# HELP iPhone display on PC (broken screen)



## Tsumugi (May 27, 2016)

So today my phone (iPhone 5c) screen broke internally. Like it's not cracked, just the screen is 0% functional. I'm wanting to connect it to my pc and use it without it being jailbroken. Is there a way to do this, or atleast a way to back up my data for when I get a new phone. (By the way, when I tried connecting it to iTunes it said password needed and I tried to use voice but that didn't work either)


----------



## Masterchiefxx17 (Feb 27, 2010)

Hi and Welcome to TSF!

Boot your iPhone into DFU mode and then you should be able to backup from recovery mode:

How To Put An iPhone In DFU Mode, The Apple Way


----------



## Tsumugi (May 27, 2016)

Masterchiefxx17 said:


> Hi and Welcome to TSF!
> 
> Boot your iPhone into DFU mode and then you should be able to backup from recovery mode:
> 
> How To Put An iPhone In DFU Mode, The Apple Way


Sorry to be bothersome, but I assume I'm unable to display, and use it on my computer? Thanks for the welcome by the way. (;


----------



## Tsumugi (May 27, 2016)

(I also forgot to mention that I need some software to backup from DFU mode, as all seem to have a price.)


----------



## Masterchiefxx17 (Feb 27, 2010)

Can you get the unit to turn on? You don't need access to the screen to enter DFU mode.
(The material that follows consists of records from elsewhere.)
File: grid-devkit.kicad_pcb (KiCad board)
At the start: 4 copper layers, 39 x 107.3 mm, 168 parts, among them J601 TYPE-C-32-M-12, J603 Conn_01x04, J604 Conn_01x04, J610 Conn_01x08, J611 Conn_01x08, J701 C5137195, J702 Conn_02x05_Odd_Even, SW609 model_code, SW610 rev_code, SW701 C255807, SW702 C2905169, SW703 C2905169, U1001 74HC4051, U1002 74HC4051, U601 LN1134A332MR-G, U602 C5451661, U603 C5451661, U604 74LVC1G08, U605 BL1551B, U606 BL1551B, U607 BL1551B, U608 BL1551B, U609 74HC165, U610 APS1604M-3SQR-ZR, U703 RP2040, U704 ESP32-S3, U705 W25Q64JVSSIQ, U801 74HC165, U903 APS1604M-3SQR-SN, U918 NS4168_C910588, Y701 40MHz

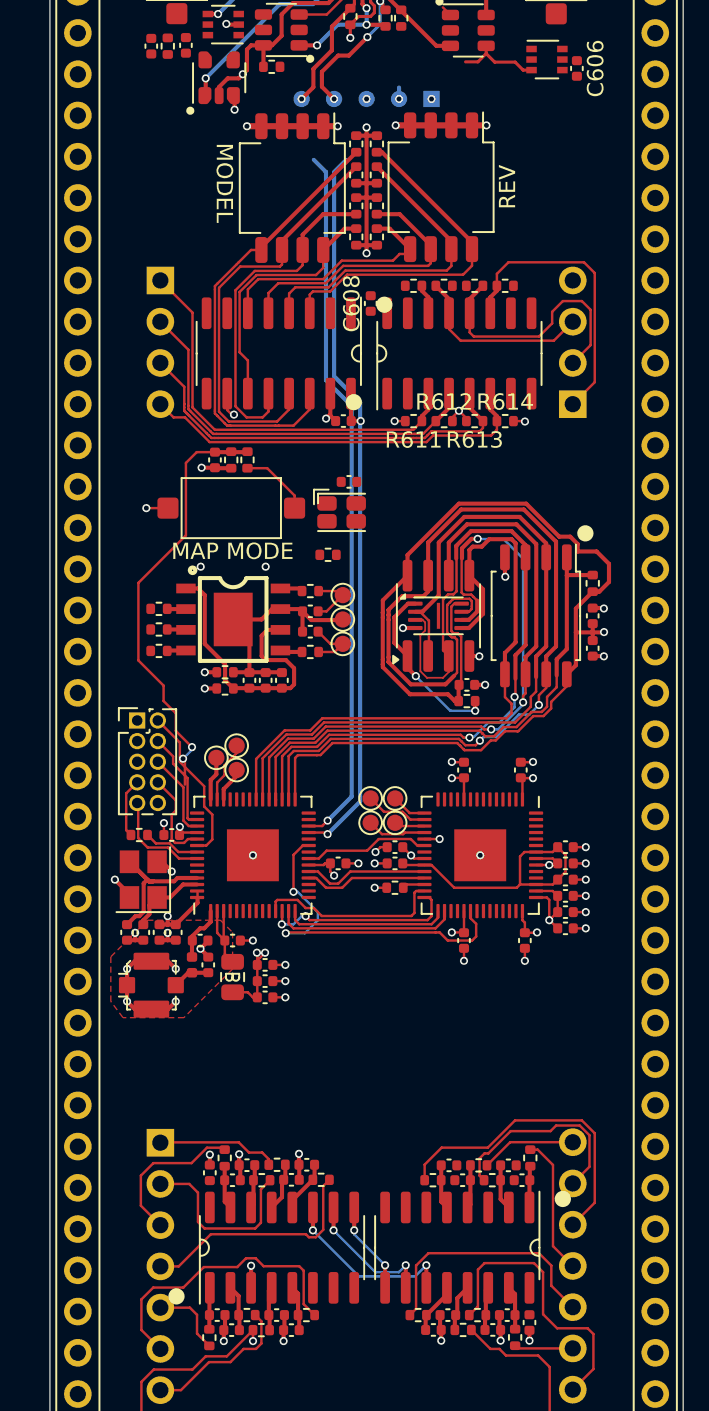
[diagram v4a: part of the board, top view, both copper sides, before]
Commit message: SUKU memory layout optimized
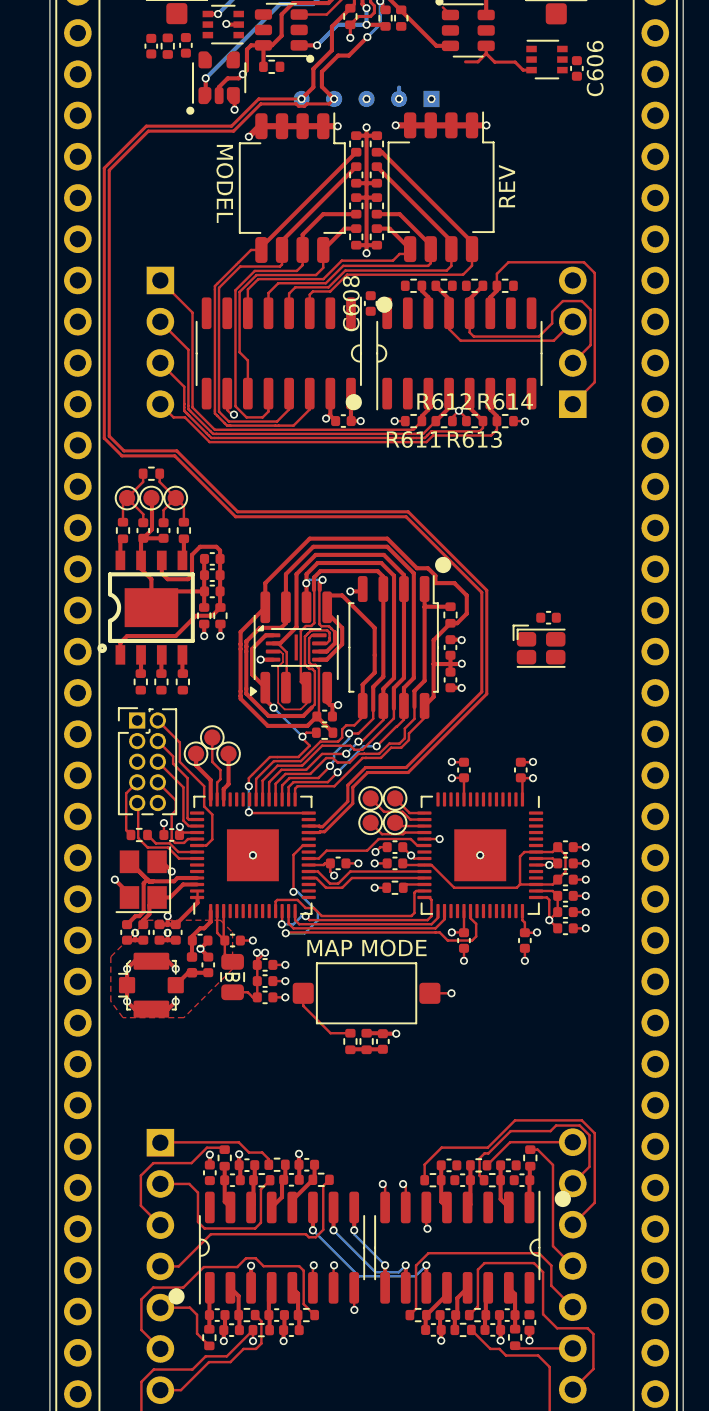
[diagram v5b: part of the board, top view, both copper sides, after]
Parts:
- moved C757 37.3 mm to (101.0, 121.5), turned to 90 degrees
- moved R701 36.8 mm to (100.0, 121.5), turned to -90 degrees
- moved R736 36.4 mm to (99.0, 121.5), turned to -90 degrees
- moved SW701 31.0 mm to (100.0, 118.5), turned to 0 degrees
- moved C901 14.9 mm to (111.2, 95.4)
- moved D901 14.9 mm to (110.8, 97.2)
- moved TP901 14.6 mm to (85.2, 88.0), turned to -90 degrees
- moved TP903 14.0 mm to (86.7, 88.0), turned to -90 degrees
- moved TP902 13.7 mm to (88.2, 88.0), turned to -90 degrees
- moved L902 12.1 mm to (85.0, 90.0), turned to -90 degrees
- moved R606 12.0 mm to (86.7, 86.5)
- moved C940 11.4 mm to (86.2, 90.0), turned to -90 degrees
- moved C939 11.0 mm to (87.5, 90.0), turned to -90 degrees
- moved L903 10.8 mm to (88.7, 90.0), turned to 90 degrees
- moved U705 8.97 mm to (101.7, 97.2)
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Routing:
- net /MCU/USB_DN: track 59.7 -> 96.0 mm, vias 4 -> 3
- net /MCU/USB_DP: track 52.0 -> 87.0 mm, vias 2 -> 1
- net /MCU/MAP_MODE: track 26.7 -> 1.97 mm, vias 2 -> 0
- net /MCU/SPICLK: track 57.7 -> 34.1 mm, vias 3 -> 4
- net /MCU/SPID: track 39.5 -> 24.3 mm
- net /MCU/SPIHD: track 61.5 -> 49.8 mm
- net /MCU/SPIWP: track 47.9 -> 36.5 mm
- net /MCU/SPIQ: track 47.1 -> 36.1 mm
- net /MCU/SPICS0: track 32.2 -> 21.6 mm
- net VDD_SPI: track 68.9 -> 58.3 mm, vias 2 -> 1
- net GND: track 70.6 -> 80.2 mm, vias 59 -> 63
- net /MCU/SPICS1: track 10.9 -> 20.4 mm, vias 2 -> 4
- net Net-(C939-Pad1): track 3.53 -> 5.44 mm
- net Net-(C940-Pad1): track 3.53 -> 5.44 mm
- net ESP_GPIO_35: track 2.15 -> 2.94 mm

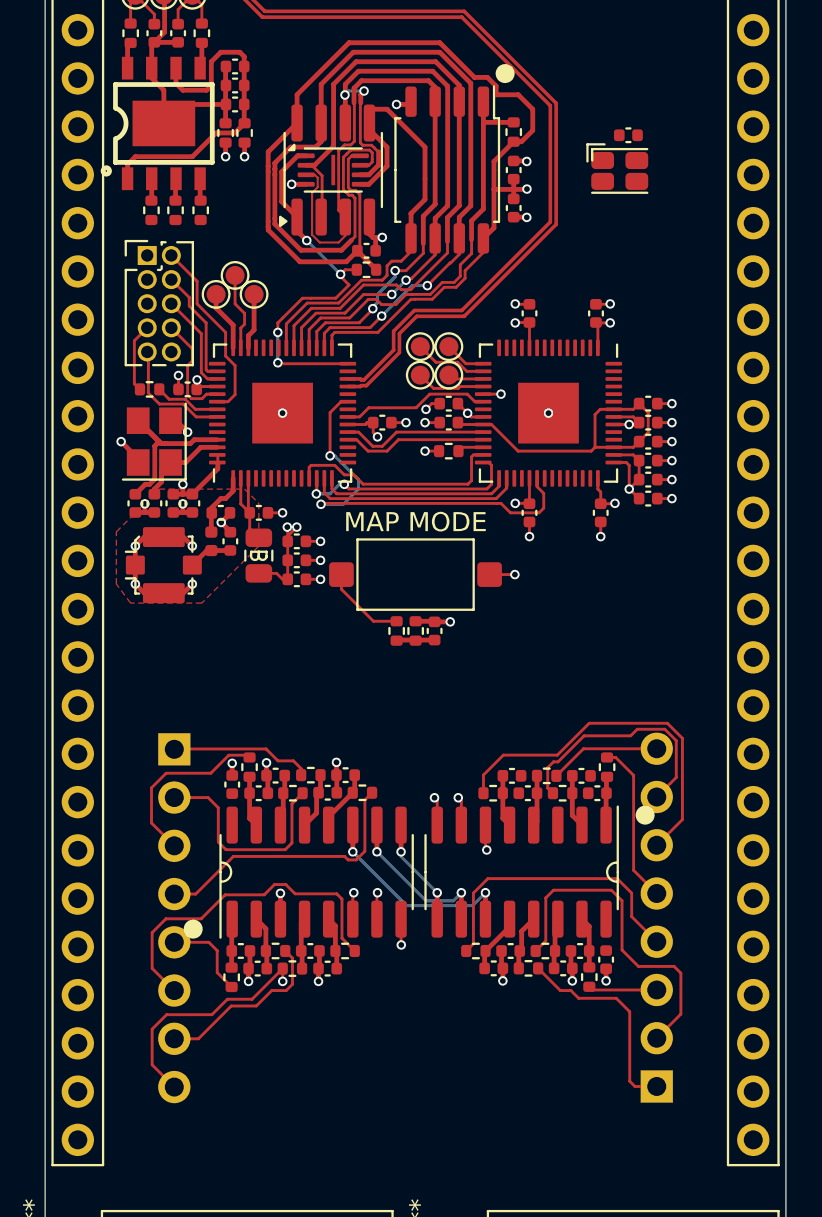
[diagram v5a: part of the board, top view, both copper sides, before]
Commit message: SUKU analog layout grid alignment fixed, mcu connection routed
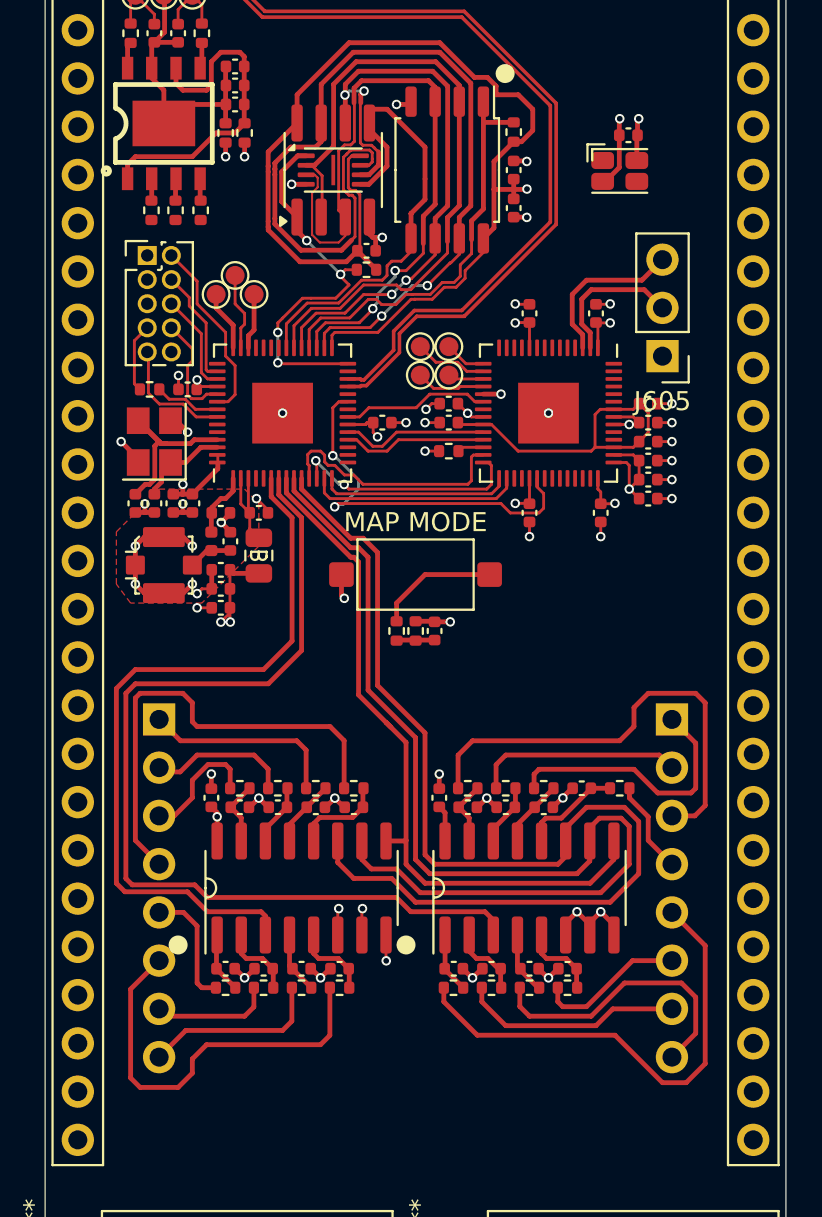
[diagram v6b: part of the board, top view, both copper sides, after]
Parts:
- added J605: Conn_01x03, Connector_PinHeader_2.54mm:PinHeader_1x03_P2.54mm_Vertical, F.Cu at (113.0, 107.0)
- moved J611 19.3 mm to (113.5, 126.1), turned to 180 degrees
- moved R1011 14.1 mm to (102.0, 140.2), turned to 180 degrees
- moved C1018 12.2 mm to (101.2, 130.2), turned to 90 degrees
- moved C1012 11.9 mm to (102.0, 139.2), turned to 0 degrees
- moved R1010 11.8 mm to (102.8, 129.8), turned to 180 degrees
- moved R1014 11.4 mm to (110.8, 129.8), turned to 0 degrees
- moved C1013 11.2 mm to (104.0, 139.2), turned to 180 degrees
- moved R1016 11.2 mm to (106.0, 140.2), turned to 180 degrees
- moved R1015 11.0 mm to (108.0, 140.2)
- moved R1012 10.9 mm to (104.0, 140.2)
- moved C1016 10.6 mm to (108.0, 139.2), turned to 180 degrees
- moved C1015 10.6 mm to (108.8, 129.8), turned to 180 degrees
- moved C1011 9.60 mm to (102.8, 130.8), turned to 0 degrees
- moved R1009 9.52 mm to (106.8, 129.8), turned to 180 degrees
- moved C1017 9.24 mm to (106.0, 139.2), turned to 0 degrees
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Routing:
- net ESP_GPIO_2: track 0.00 -> 50.5 mm
- net ESP_GPIO_5: track 11.2 -> 58.4 mm, vias 2 -> 0
- net ESP_GPIO_4: track 8.49 -> 55.3 mm, vias 2 -> 0
- net ESP_GPIO_1: track 1.36 -> 39.1 mm, vias 1 -> 0
- net ESP_GPIO_3: track 5.74 -> 37.3 mm, vias 2 -> 0
- net /ANA_6: track 3.62 -> 24.3 mm
- net /ANA_10: track 8.51 -> 25.4 mm
- net /ANA_11: track 19.1 -> 7.86 mm
- net /sheet5D8763D6/IN_3: track 15.3 -> 4.92 mm
- net /Sheet5D7C8BFD/IN_3: track 14.4 -> 24.5 mm
- net /ANA_15: track 5.87 -> 15.2 mm
- net /MCU/RP_UART0_RX: track 0.00 -> 8.55 mm
- net GND: track 80.2 -> 88.4 mm, vias 63 -> 64
- net /MCU/RP_UART0_TX: track 0.00 -> 7.60 mm
- net /ANA_3: track 17.6 -> 11.0 mm
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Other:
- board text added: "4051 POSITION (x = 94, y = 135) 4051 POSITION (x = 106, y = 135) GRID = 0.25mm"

Also DFU mode is the recovery mode for Apple products. You do NOT need any special software. Only iTunes.


----------



## Tsumugi (May 27, 2016)

Masterchiefxx17 said:


> Can you get the unit to turn on? You don't need access to the screen to enter DFU mode.
> 
> Also DFU mode is the recovery mode for Apple products. You do NOT need any special software. Only iTunes.


Yes, it turns on but in DFU mode and on iTunes I was not given a back-up option, only restore.


----------



## Masterchiefxx17 (Feb 27, 2010)

If you can't get it to backup then you may need to bring it to an Apple store. They should be able to help.


----------



## Tsumugi (May 27, 2016)

So I have another question. Is it possible to somehow jailbreak this and get the info off myself, and also put an application on it that allows me to control the phone with my PC? I really want to avoid apple stores because the closest one is not close at all.


----------



## Masterchiefxx17 (Feb 27, 2010)

No, because Jailbreaking requires you to restore the phone.


----------